The Commission invites comment on whether it should amend §§2T1.1, 2T1.4, and 2T3.1 to generally conform the sophisticated concealment enhancement (and the accompanying commentary) to the sophisticated means enhancement added to the fraud guideline in response to the Telemarketing Fraud Protection Act. The Commission also invites comment on whether it should provide a minimum offense level of [12] for tax offenses that involve either sophisticated concealment or sophisticated means (if the Commission conforms the enhancement in §§2T1.1, 2T1.4, and 2T3.1).

(C) MORE THAN MINIMAL PLANNING CONFORMING AMENDMENTS

4. Synopsis of Proposed Amendment: The following amendment makes conforming changes that necessarily follow from the incorporation of more than minimal planning into the loss table. The amendment proposes to strike references to more than minimal planning in appropriate places throughout the guidelines.

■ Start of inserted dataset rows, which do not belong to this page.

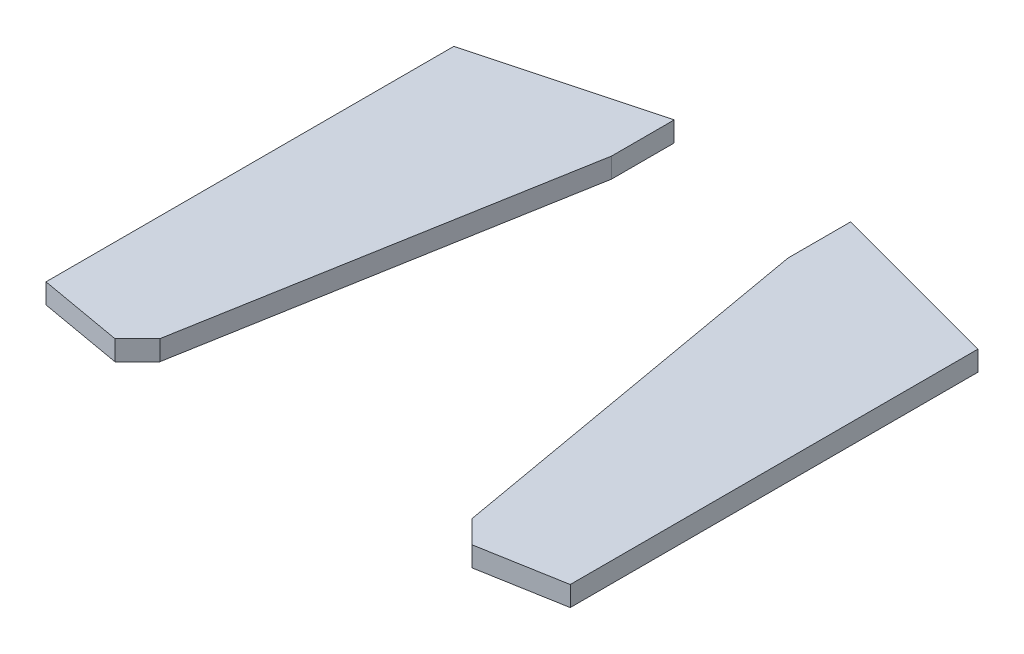
ISO-10303-21;
HEADER;
FILE_DESCRIPTION(('STEP AP214'),'2;1');
FILE_NAME('part.step','',(''),(''),'','','');
FILE_SCHEMA(('AUTOMOTIVE_DESIGN { 1 0 10303 214 1 1 1 1 }'));
ENDSEC;
DATA;
#1=APPLICATION_CONTEXT('core data for automotive mechanical design processes');
#2=APPLICATION_PROTOCOL_DEFINITION('international standard','automotive_design',2000,#1);
#3=PRODUCT_CONTEXT('',#1,'mechanical');
#4=PRODUCT('Part','Part','',(#3));
#5=PRODUCT_RELATED_PRODUCT_CATEGORY('part','',(#4));
#6=PRODUCT_DEFINITION_FORMATION('','',#4);
#7=PRODUCT_DEFINITION_CONTEXT('part definition',#1,'design');
#8=PRODUCT_DEFINITION('design','',#6,#7);
#9=PRODUCT_DEFINITION_SHAPE('','',#8);
#10=(LENGTH_UNIT() NAMED_UNIT(*) SI_UNIT(.MILLI.,.METRE.));
#11=(NAMED_UNIT(*) PLANE_ANGLE_UNIT() SI_UNIT($,.RADIAN.));
#12=(NAMED_UNIT(*) SI_UNIT($,.STERADIAN.) SOLID_ANGLE_UNIT());
#13=UNCERTAINTY_MEASURE_WITH_UNIT(LENGTH_MEASURE(1.E-05),#10,'distance_accuracy_value','');
#14=(GEOMETRIC_REPRESENTATION_CONTEXT(3) GLOBAL_UNCERTAINTY_ASSIGNED_CONTEXT((#13)) GLOBAL_UNIT_ASSIGNED_CONTEXT((#10,
#11,#12)) REPRESENTATION_CONTEXT('',''));
#15=CARTESIAN_POINT('',(0.,0.,0.));
#16=DIRECTION('',(0.,0.,1.));
#17=DIRECTION('',(1.,0.,0.));
#18=AXIS2_PLACEMENT_3D('',#15,#16,#17);
#19=CARTESIAN_POINT('',(982.928076994621,75.,748.468756702512));
#20=DIRECTION('',(-1.,0.,0.));
#21=DIRECTION('',(0.,0.,1.));
#22=AXIS2_PLACEMENT_3D('',#19,#20,#21);
#23=PLANE('',#22);
#24=DIRECTION('',(0.,0.,-1.));
#25=VECTOR('',#24,1.);
#26=CARTESIAN_POINT('',(982.928076994621,0.,748.468756702512));
#27=LINE('',#26,#25);
#28=CARTESIAN_POINT('',(982.928076994621,0.,748.468756702512));
#29=VERTEX_POINT('',#28);
#30=CARTESIAN_POINT('',(982.928076994621,0.,-780.737776154885));
#31=VERTEX_POINT('',#30);
#32=EDGE_CURVE('E12',#29,#31,#27,.T.);
#33=ORIENTED_EDGE('',*,*,#32,.T.);
#34=DIRECTION('',(0.,-1.,0.));
#35=VECTOR('',#34,1.);
#36=CARTESIAN_POINT('',(982.928076994621,75.,-780.737776154885));
#37=LINE('',#36,#35);
#38=CARTESIAN_POINT('',(982.928076994621,75.,-780.737776154885));
#39=VERTEX_POINT('',#38);
#40=EDGE_CURVE('E168',#39,#31,#37,.T.);
#41=ORIENTED_EDGE('',*,*,#40,.F.);
#42=DIRECTION('',(0.,0.,-1.));
#43=VECTOR('',#42,1.);
#44=CARTESIAN_POINT('',(982.928076994621,75.,748.468756702512));
#45=LINE('',#44,#43);
#46=CARTESIAN_POINT('',(982.928076994621,75.,748.468756702512));
#47=VERTEX_POINT('',#46);
#48=EDGE_CURVE('E53',#47,#39,#45,.T.);
#49=ORIENTED_EDGE('',*,*,#48,.F.);
#50=DIRECTION('',(0.,-1.,0.));
#51=VECTOR('',#50,1.);
#52=CARTESIAN_POINT('',(982.928076994621,75.,748.468756702512));
#53=LINE('',#52,#51);
#54=EDGE_CURVE('E144',#47,#29,#53,.T.);
#55=ORIENTED_EDGE('',*,*,#54,.T.);
#56=EDGE_LOOP('',(#33,#41,#49,#55));
#57=FACE_BOUND('',#56,.T.);
#58=ADVANCED_FACE('F49',(#57),#23,.F.);
#59=CARTESIAN_POINT('',(982.928076994621,75.,-780.737776154885));
#60=DIRECTION('',(-0.258819045102514,0.,0.96592582628907));
#61=DIRECTION('',(0.96592582628907,0.,0.258819045102514));
#62=AXIS2_PLACEMENT_3D('',#59,#60,#61);
#63=PLANE('',#62);
#64=DIRECTION('',(-0.96592582628907,0.,-0.258819045102514));
#65=VECTOR('',#64,1.);
#66=CARTESIAN_POINT('',(982.928076994621,0.,-780.737776154885));
#67=LINE('',#66,#65);
#68=CARTESIAN_POINT('',(330.905406559867,0.,-955.446724144657));
#69=VERTEX_POINT('',#68);
#70=EDGE_CURVE('E60',#31,#69,#67,.T.);
#71=ORIENTED_EDGE('',*,*,#70,.T.);
#72=DIRECTION('',(0.,-1.,0.));
#73=VECTOR('',#72,1.);
#74=CARTESIAN_POINT('',(330.905406559867,75.,-955.446724144657));
#75=LINE('',#74,#73);
#76=CARTESIAN_POINT('',(330.905406559867,75.,-955.446724144657));
#77=VERTEX_POINT('',#76);
#78=EDGE_CURVE('E125',#77,#69,#75,.T.);
#79=ORIENTED_EDGE('',*,*,#78,.F.);
#80=DIRECTION('',(-0.96592582628907,0.,-0.258819045102514));
#81=VECTOR('',#80,1.);
#82=CARTESIAN_POINT('',(982.928076994621,75.,-780.737776154885));
#83=LINE('',#82,#81);
#84=EDGE_CURVE('E92',#39,#77,#83,.T.);
#85=ORIENTED_EDGE('',*,*,#84,.F.);
#86=ORIENTED_EDGE('',*,*,#40,.T.);
#87=EDGE_LOOP('',(#71,#79,#85,#86));
#88=FACE_BOUND('',#87,.T.);
#89=ADVANCED_FACE('F170',(#88),#63,.F.);
#90=CARTESIAN_POINT('',(330.905406559867,75.,-720.543070196933));
#91=DIRECTION('',(-1.,0.,0.));
#92=DIRECTION('',(0.,0.,1.));
#93=AXIS2_PLACEMENT_3D('',#90,#91,#92);
#94=PLANE('',#93);
#95=DIRECTION('',(0.,0.,-1.));
#96=VECTOR('',#95,1.);
#97=CARTESIAN_POINT('',(330.905406559867,0.,-720.543070196933));
#98=LINE('',#97,#96);
#99=CARTESIAN_POINT('',(330.905406559867,0.,-720.543070196933));
#100=VERTEX_POINT('',#99);
#101=EDGE_CURVE('E129',#100,#69,#98,.T.);
#102=ORIENTED_EDGE('',*,*,#101,.F.);
#103=DIRECTION('',(0.,-1.,0.));
#104=VECTOR('',#103,1.);
#105=CARTESIAN_POINT('',(330.905406559867,75.,-720.543070196933));
#106=LINE('',#105,#104);
#107=CARTESIAN_POINT('',(330.905406559867,75.,-720.543070196933));
#108=VERTEX_POINT('',#107);
#109=EDGE_CURVE('E113',#108,#100,#106,.T.);
#110=ORIENTED_EDGE('',*,*,#109,.F.);
#111=DIRECTION('',(0.,0.,-1.));
#112=VECTOR('',#111,1.);
#113=CARTESIAN_POINT('',(330.905406559867,75.,-720.543070196933));
#114=LINE('',#113,#112);
#115=EDGE_CURVE('E149',#108,#77,#114,.T.);
#116=ORIENTED_EDGE('',*,*,#115,.T.);
#117=ORIENTED_EDGE('',*,*,#78,.T.);
#118=EDGE_LOOP('',(#102,#110,#116,#117));
#119=FACE_BOUND('',#118,.T.);
#120=ADVANCED_FACE('F133',(#119),#94,.T.);
#121=CARTESIAN_POINT('',(330.905406559867,75.,-720.543070196933));
#122=DIRECTION('',(0.984807753012208,0.,-0.173648177666927));
#123=DIRECTION('',(-0.173648177666927,0.,-0.984807753012209));
#124=AXIS2_PLACEMENT_3D('',#121,#122,#123);
#125=PLANE('',#124);
#126=DIRECTION('',(0.173648177666927,0.,0.984807753012208));
#127=VECTOR('',#126,1.);
#128=CARTESIAN_POINT('',(330.905406559867,0.,-720.543070196933));
#129=LINE('',#128,#127);
#130=CARTESIAN_POINT('',(584.865866397748,0.,719.738268583422));
#131=VERTEX_POINT('',#130);
#132=EDGE_CURVE('E117',#100,#131,#129,.T.);
#133=ORIENTED_EDGE('',*,*,#132,.T.);
#134=DIRECTION('',(0.,-1.,0.));
#135=VECTOR('',#134,1.);
#136=CARTESIAN_POINT('',(584.865866397748,75.,719.738268583422));
#137=LINE('',#136,#135);
#138=CARTESIAN_POINT('',(584.865866397748,75.,719.738268583422));
#139=VERTEX_POINT('',#138);
#140=EDGE_CURVE('E124',#139,#131,#137,.T.);
#141=ORIENTED_EDGE('',*,*,#140,.F.);
#142=DIRECTION('',(0.173648177666927,0.,0.984807753012208));
#143=VECTOR('',#142,1.);
#144=CARTESIAN_POINT('',(330.905406559867,75.,-720.543070196933));
#145=LINE('',#144,#143);
#146=EDGE_CURVE('E119',#108,#139,#145,.T.);
#147=ORIENTED_EDGE('',*,*,#146,.F.);
#148=ORIENTED_EDGE('',*,*,#109,.T.);
#149=EDGE_LOOP('',(#133,#141,#147,#148));
#150=FACE_BOUND('',#149,.T.);
#151=ADVANCED_FACE('F115',(#150),#125,.F.);
#152=CARTESIAN_POINT('',(584.865866397748,75.,719.738268583422));
#153=DIRECTION('',(0.707106781186539,0.,-0.707106781186556));
#154=DIRECTION('',(-0.707106781186556,0.,-0.707106781186539));
#155=AXIS2_PLACEMENT_3D('',#152,#153,#154);
#156=PLANE('',#155);
#157=DIRECTION('',(0.707106781186556,0.,0.707106781186539));
#158=VECTOR('',#157,1.);
#159=CARTESIAN_POINT('',(584.865866397748,0.,719.738268583422));
#160=LINE('',#159,#158);
#161=CARTESIAN_POINT('',(668.957787666271,0.,803.830189851942));
#162=VERTEX_POINT('',#161);
#163=EDGE_CURVE('E130',#131,#162,#160,.T.);
#164=ORIENTED_EDGE('',*,*,#163,.T.);
#165=DIRECTION('',(0.,-1.,0.));
#166=VECTOR('',#165,1.);
#167=CARTESIAN_POINT('',(668.957787666271,75.,803.830189851942));
#168=LINE('',#167,#166);
#169=CARTESIAN_POINT('',(668.957787666271,75.,803.830189851942));
#170=VERTEX_POINT('',#169);
#171=EDGE_CURVE('E161',#170,#162,#168,.T.);
#172=ORIENTED_EDGE('',*,*,#171,.F.);
#173=DIRECTION('',(0.707106781186556,0.,0.707106781186539));
#174=VECTOR('',#173,1.);
#175=CARTESIAN_POINT('',(584.865866397748,75.,719.738268583422));
#176=LINE('',#175,#174);
#177=EDGE_CURVE('E143',#139,#170,#176,.T.);
#178=ORIENTED_EDGE('',*,*,#177,.F.);
#179=ORIENTED_EDGE('',*,*,#140,.T.);
#180=EDGE_LOOP('',(#164,#172,#178,#179));
#181=FACE_BOUND('',#180,.T.);
#182=ADVANCED_FACE('F177',(#181),#156,.F.);
#183=CARTESIAN_POINT('',(668.957787666271,75.,803.830189851942));
#184=DIRECTION('',(-0.173648177666927,0.,-0.984807753012209));
#185=DIRECTION('',(-0.984807753012209,0.,0.173648177666927));
#186=AXIS2_PLACEMENT_3D('',#183,#184,#185);
#187=PLANE('',#186);
#188=DIRECTION('',(0.984807753012209,0.,-0.173648177666927));
#189=VECTOR('',#188,1.);
#190=CARTESIAN_POINT('',(668.957787666271,0.,803.830189851942));
#191=LINE('',#190,#189);
#192=EDGE_CURVE('E103',#162,#29,#191,.T.);
#193=ORIENTED_EDGE('',*,*,#192,.T.);
#194=ORIENTED_EDGE('',*,*,#54,.F.);
#195=DIRECTION('',(0.984807753012209,0.,-0.173648177666927));
#196=VECTOR('',#195,1.);
#197=CARTESIAN_POINT('',(668.957787666271,75.,803.830189851942));
#198=LINE('',#197,#196);
#199=EDGE_CURVE('E140',#170,#47,#198,.T.);
#200=ORIENTED_EDGE('',*,*,#199,.F.);
#201=ORIENTED_EDGE('',*,*,#171,.T.);
#202=EDGE_LOOP('',(#193,#194,#200,#201));
#203=FACE_BOUND('',#202,.T.);
#204=ADVANCED_FACE('F173',(#203),#187,.F.);
#205=CARTESIAN_POINT('',(0.,75.,0.));
#206=DIRECTION('',(0.,-1.,0.));
#207=DIRECTION('',(0.,0.,-1.));
#208=AXIS2_PLACEMENT_3D('',#205,#206,#207);
#209=PLANE('',#208);
#210=ORIENTED_EDGE('',*,*,#48,.T.);
#211=ORIENTED_EDGE('',*,*,#84,.T.);
#212=ORIENTED_EDGE('',*,*,#115,.F.);
#213=ORIENTED_EDGE('',*,*,#146,.T.);
#214=ORIENTED_EDGE('',*,*,#177,.T.);
#215=ORIENTED_EDGE('',*,*,#199,.T.);
#216=EDGE_LOOP('',(#210,#211,#212,#213,#214,#215));
#217=FACE_BOUND('',#216,.T.);
#218=ADVANCED_FACE('F51',(#217),#209,.F.);
#219=CARTESIAN_POINT('',(0.,0.,0.));
#220=DIRECTION('',(0.,-1.,0.));
#221=DIRECTION('',(0.,0.,-1.));
#222=AXIS2_PLACEMENT_3D('',#219,#220,#221);
#223=PLANE('',#222);
#224=ORIENTED_EDGE('',*,*,#32,.F.);
#225=ORIENTED_EDGE('',*,*,#192,.F.);
#226=ORIENTED_EDGE('',*,*,#163,.F.);
#227=ORIENTED_EDGE('',*,*,#132,.F.);
#228=ORIENTED_EDGE('',*,*,#101,.T.);
#229=ORIENTED_EDGE('',*,*,#70,.F.);
#230=EDGE_LOOP('',(#224,#225,#226,#227,#228,#229));
#231=FACE_BOUND('',#230,.T.);
#232=ADVANCED_FACE('F128',(#231),#223,.T.);
#233=CLOSED_SHELL('',(#58,#89,#120,#151,#182,#204,#218,#232));
#234=MANIFOLD_SOLID_BREP('B2',#233);
#235=CARTESIAN_POINT('',(-669.226054870774,75.,803.830189851942));
#236=DIRECTION('',(-0.173648177666927,0.,0.984807753012209));
#237=DIRECTION('',(0.984807753012209,0.,0.173648177666927));
#238=AXIS2_PLACEMENT_3D('',#235,#236,#237);
#239=PLANE('',#238);
#240=DIRECTION('',(-0.984807753012209,0.,-0.173648177666927));
#241=VECTOR('',#240,1.);
#242=CARTESIAN_POINT('',(-669.226054870774,0.,803.830189851942));
#243=LINE('',#242,#241);
#244=CARTESIAN_POINT('',(-669.226054870774,0.,803.830189851942));
#245=VERTEX_POINT('',#244);
#246=CARTESIAN_POINT('',(-983.196344199125,0.,748.468756702512));
#247=VERTEX_POINT('',#246);
#248=EDGE_CURVE('E326',#245,#247,#243,.T.);
#249=ORIENTED_EDGE('',*,*,#248,.F.);
#250=DIRECTION('',(0.,-1.,0.));
#251=VECTOR('',#250,1.);
#252=CARTESIAN_POINT('',(-669.226054870774,75.,803.830189851942));
#253=LINE('',#252,#251);
#254=CARTESIAN_POINT('',(-669.226054870774,75.,803.830189851942));
#255=VERTEX_POINT('',#254);
#256=EDGE_CURVE('E47',#255,#245,#253,.T.);
#257=ORIENTED_EDGE('',*,*,#256,.F.);
#258=DIRECTION('',(-0.984807753012209,0.,-0.173648177666927));
#259=VECTOR('',#258,1.);
#260=CARTESIAN_POINT('',(-669.226054870774,75.,803.830189851942));
#261=LINE('',#260,#259);
#262=CARTESIAN_POINT('',(-983.196344199125,75.,748.468756702512));
#263=VERTEX_POINT('',#262);
#264=EDGE_CURVE('E340',#255,#263,#261,.T.);
#265=ORIENTED_EDGE('',*,*,#264,.T.);
#266=DIRECTION('',(0.,-1.,0.));
#267=VECTOR('',#266,1.);
#268=CARTESIAN_POINT('',(-983.196344199125,75.,748.468756702512));
#269=LINE('',#268,#267);
#270=EDGE_CURVE('E246',#263,#247,#269,.T.);
#271=ORIENTED_EDGE('',*,*,#270,.T.);
#272=EDGE_LOOP('',(#249,#257,#265,#271));
#273=FACE_BOUND('',#272,.T.);
#274=ADVANCED_FACE('F243',(#273),#239,.T.);
#275=CARTESIAN_POINT('',(-585.134133602252,75.,719.738268583422));
#276=DIRECTION('',(0.707106781186539,0.,0.707106781186556));
#277=DIRECTION('',(0.707106781186556,0.,-0.707106781186539));
#278=AXIS2_PLACEMENT_3D('',#275,#276,#277);
#279=PLANE('',#278);
#280=DIRECTION('',(-0.707106781186556,0.,0.707106781186539));
#281=VECTOR('',#280,1.);
#282=CARTESIAN_POINT('',(-585.134133602252,0.,719.738268583422));
#283=LINE('',#282,#281);
#284=CARTESIAN_POINT('',(-585.134133602252,0.,719.738268583422));
#285=VERTEX_POINT('',#284);
#286=EDGE_CURVE('E338',#285,#245,#283,.T.);
#287=ORIENTED_EDGE('',*,*,#286,.F.);
#288=DIRECTION('',(0.,-1.,0.));
#289=VECTOR('',#288,1.);
#290=CARTESIAN_POINT('',(-585.134133602252,75.,719.738268583422));
#291=LINE('',#290,#289);
#292=CARTESIAN_POINT('',(-585.134133602252,75.,719.738268583422));
#293=VERTEX_POINT('',#292);
#294=EDGE_CURVE('E252',#293,#285,#291,.T.);
#295=ORIENTED_EDGE('',*,*,#294,.F.);
#296=DIRECTION('',(-0.707106781186556,0.,0.707106781186539));
#297=VECTOR('',#296,1.);
#298=CARTESIAN_POINT('',(-585.134133602252,75.,719.738268583422));
#299=LINE('',#298,#297);
#300=EDGE_CURVE('E321',#293,#255,#299,.T.);
#301=ORIENTED_EDGE('',*,*,#300,.T.);
#302=ORIENTED_EDGE('',*,*,#256,.T.);
#303=EDGE_LOOP('',(#287,#295,#301,#302));
#304=FACE_BOUND('',#303,.T.);
#305=ADVANCED_FACE('F348',(#304),#279,.T.);
#306=CARTESIAN_POINT('',(-331.17367376437,75.,-720.543070196932));
#307=DIRECTION('',(0.984807753012208,0.,0.173648177666928));
#308=DIRECTION('',(0.173648177666928,0.,-0.984807753012209));
#309=AXIS2_PLACEMENT_3D('',#306,#307,#308);
#310=PLANE('',#309);
#311=DIRECTION('',(-0.173648177666928,0.,0.984807753012208));
#312=VECTOR('',#311,1.);
#313=CARTESIAN_POINT('',(-331.17367376437,0.,-720.543070196932));
#314=LINE('',#313,#312);
#315=CARTESIAN_POINT('',(-331.17367376437,0.,-720.543070196932));
#316=VERTEX_POINT('',#315);
#317=EDGE_CURVE('E306',#316,#285,#314,.T.);
#318=ORIENTED_EDGE('',*,*,#317,.F.);
#319=DIRECTION('',(0.,-1.,0.));
#320=VECTOR('',#319,1.);
#321=CARTESIAN_POINT('',(-331.17367376437,75.,-720.543070196932));
#322=LINE('',#321,#320);
#323=CARTESIAN_POINT('',(-331.17367376437,75.,-720.543070196932));
#324=VERTEX_POINT('',#323);
#325=EDGE_CURVE('E300',#324,#316,#322,.T.);
#326=ORIENTED_EDGE('',*,*,#325,.F.);
#327=DIRECTION('',(-0.173648177666928,0.,0.984807753012208));
#328=VECTOR('',#327,1.);
#329=CARTESIAN_POINT('',(-331.17367376437,75.,-720.543070196932));
#330=LINE('',#329,#328);
#331=EDGE_CURVE('E304',#324,#293,#330,.T.);
#332=ORIENTED_EDGE('',*,*,#331,.T.);
#333=ORIENTED_EDGE('',*,*,#294,.T.);
#334=EDGE_LOOP('',(#318,#326,#332,#333));
#335=FACE_BOUND('',#334,.T.);
#336=ADVANCED_FACE('F302',(#335),#310,.T.);
#337=CARTESIAN_POINT('',(-331.17367376437,75.,-720.543070196932));
#338=DIRECTION('',(-1.,0.,0.));
#339=DIRECTION('',(0.,0.,1.));
#340=AXIS2_PLACEMENT_3D('',#337,#338,#339);
#341=PLANE('',#340);
#342=DIRECTION('',(0.,0.,-1.));
#343=VECTOR('',#342,1.);
#344=CARTESIAN_POINT('',(-331.17367376437,0.,-720.543070196932));
#345=LINE('',#344,#343);
#346=CARTESIAN_POINT('',(-331.17367376437,0.,-955.446724144656));
#347=VERTEX_POINT('',#346);
#348=EDGE_CURVE('E335',#316,#347,#345,.T.);
#349=ORIENTED_EDGE('',*,*,#348,.T.);
#350=DIRECTION('',(0.,-1.,0.));
#351=VECTOR('',#350,1.);
#352=CARTESIAN_POINT('',(-331.17367376437,75.,-955.446724144656));
#353=LINE('',#352,#351);
#354=CARTESIAN_POINT('',(-331.17367376437,75.,-955.446724144656));
#355=VERTEX_POINT('',#354);
#356=EDGE_CURVE('E310',#355,#347,#353,.T.);
#357=ORIENTED_EDGE('',*,*,#356,.F.);
#358=DIRECTION('',(0.,0.,-1.));
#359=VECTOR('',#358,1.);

Proposed Amendment: The Commentary to §1B1.1 captioned "Application Notes" is amended in Note 1(f) in the first paragraph by striking the last sentence as follows:

"'More than minimal planning' also exists if significant affirmative steps were taken to conceal the offense, other than conduct to which §3C1.1 (Obstructing or Impeding the Administration of Justice) applies.".

The Commentary to §1B1.1 captioned "Application Notes" is amended in Note 1(f) by striking the second paragraph as follows:

"'More than minimal planning' is deemed present in any case involving repeated acts over a period of time, unless it is clear that each instance was purely opportune. Consequently, this adjustment will apply especially frequently in property offenses."

The Commentary to §1B1.1 captioned "Application Notes" is amended in Note 1(f) by striking the last two paragraphs as follows:

"In a theft, going to a secluded area of a store to conceal the stolen item in one's pocket would not alone constitute more than minimal planning. However, repeated instances of such thefts on several occasions would constitute more than minimal planning. Similarly, fashioning a special device to conceal the property, or obtaining information on delivery dates so that an especially valuable item could be obtained, would constitute more than minimal planning.

In an embezzlement, a single taking accomplished by a false book entry would constitute only minimal planning. On the other hand, creating purchase orders to, and invoices from, a dummy corporation for merchandise that was never delivered would constitute more than minimal planning, as would several instances of taking money, each accompanied by false entries.".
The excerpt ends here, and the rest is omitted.